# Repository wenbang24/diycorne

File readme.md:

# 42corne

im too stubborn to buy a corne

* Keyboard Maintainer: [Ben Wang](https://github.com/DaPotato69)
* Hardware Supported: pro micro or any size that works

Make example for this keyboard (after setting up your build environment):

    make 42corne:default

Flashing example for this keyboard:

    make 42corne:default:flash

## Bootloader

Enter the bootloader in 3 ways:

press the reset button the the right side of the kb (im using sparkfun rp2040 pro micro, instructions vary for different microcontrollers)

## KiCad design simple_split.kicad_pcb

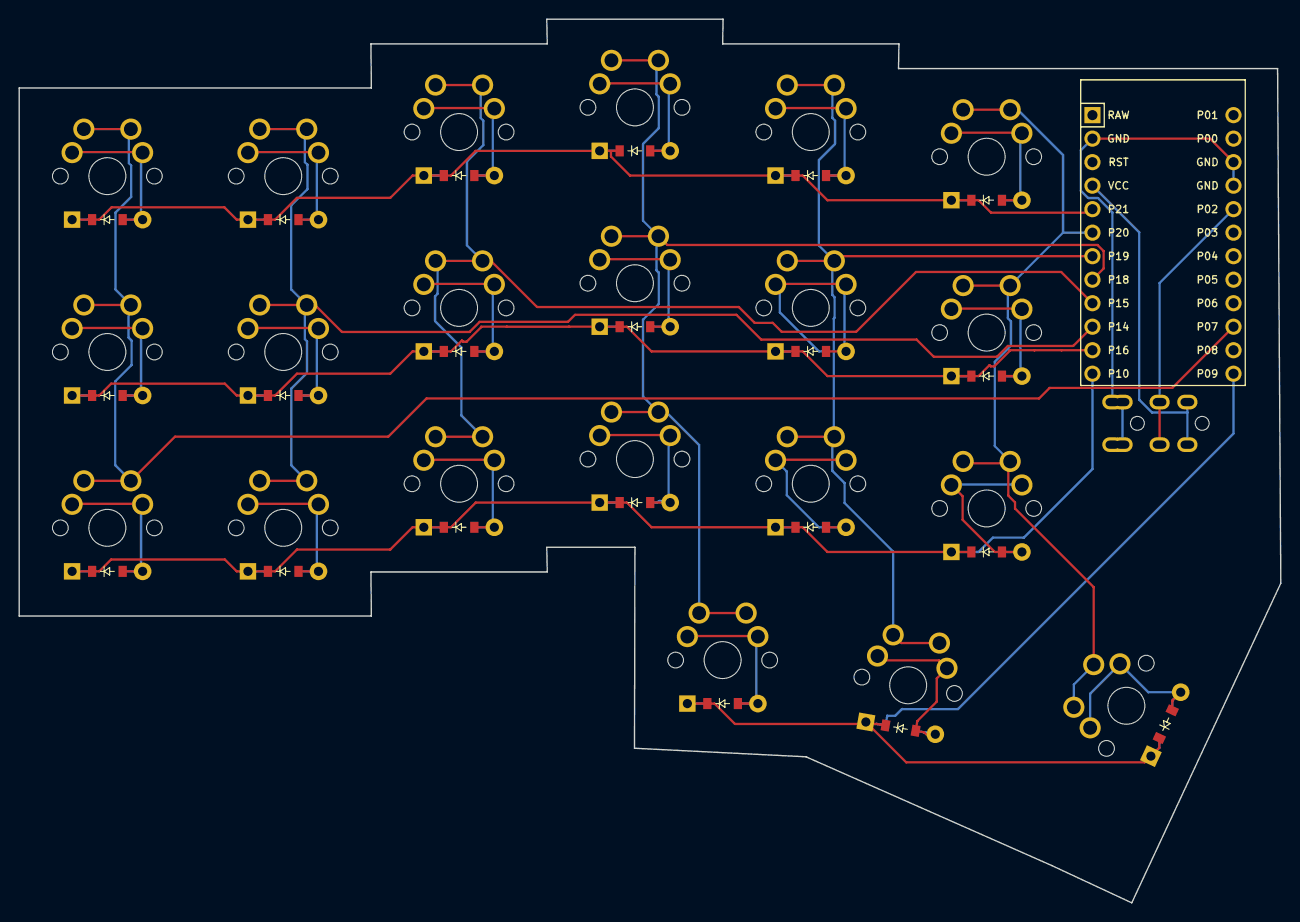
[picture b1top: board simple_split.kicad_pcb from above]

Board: 2 copper layers, 136.3 x 95.5 mm, 44 parts (0 on the bottom side), 34 nets.

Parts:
D1, D2, D3, D4, D5, D6, D7, D8, D9, D10, D11, D12, D13, D14, D15, D16, D17, D18, D19, D20, D21: ComboDiode
MCU1: ProMicro
S1, S2, S3, S4, S5, S6, S7, S8, S9, S10, S11, S12, S13, S14, S15, S16, S17, S18, S19, S20, S21: MX
TRRS1: TRRS-PJ-320A-dual

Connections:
GND: MCU1.2, MCU1.15, MCU1.16, TRRS1.1, TRRS1.2
P2: MCU1.17, TRRS1.3
P7: MCU1.22, S1.1, S2.1, S3.1
P9: D19.1, D20.1, D21.1, MCU1.24
P10: D1.1, D4.1, D7.1, D10.1, D13.1, D16.1, MCU1.12
P14: MCU1.10, S4.1, S5.1, S6.1
P15: MCU1.9, S7.1, S8.1, S9.1
P16: D2.1, D5.1, D8.1, D11.1, D14.1, D17.1, MCU1.11
P18: MCU1.8, S10.1, S11.1, S12.1, S19.1
P19: MCU1.7, S13.1, S14.1, S15.1, S20.1
P20: MCU1.6, S16.1, S17.1, S18.1, S21.1
P21: D3.1, D6.1, D9.1, D12.1, D15.1, D18.1, MCU1.5
VCC: MCU1.4, TRRS1.4
index_bottom: D13.2, S13.2
index_home: D14.2, S14.2
index_top: D15.2, S15.2
inner_bottom: D16.2, S16.2
inner_home: D17.2, S17.2
inner_top: D18.2, S18.2
middle_bottom: D10.2, S10.2
middle_home: D11.2, S11.2
middle_top: D12.2, S12.2
mod_bottom: D1.2, S1.2
mod_home: D2.2, S2.2
mod_top: D3.2, S3.2
pinky_bottom: D4.2, S4.2
pinky_home: D5.2, S5.2
pinky_top: D6.2, S6.2
reachy_home: D21.2, S21.2
ring_bottom: D7.2, S7.2
ring_home: D8.2, S8.2
ring_top: D9.2, S9.2
tuckier_home: D19.2, S19.2
tucky_home: D20.2, S20.2

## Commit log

2023-09-08 Create firmware folder

Exercise details.
From the first line above through the line that contains "size that works", quote each line exactly. Output nothing more.

Answer below.
# Repository wenbang24/diycorne

File readme.md:

# 42corne

im too stubborn to buy a corne

* Keyboard Maintainer: [Ben Wang](https://github.com/DaPotato69)
* Hardware Supported: pro micro or any size that works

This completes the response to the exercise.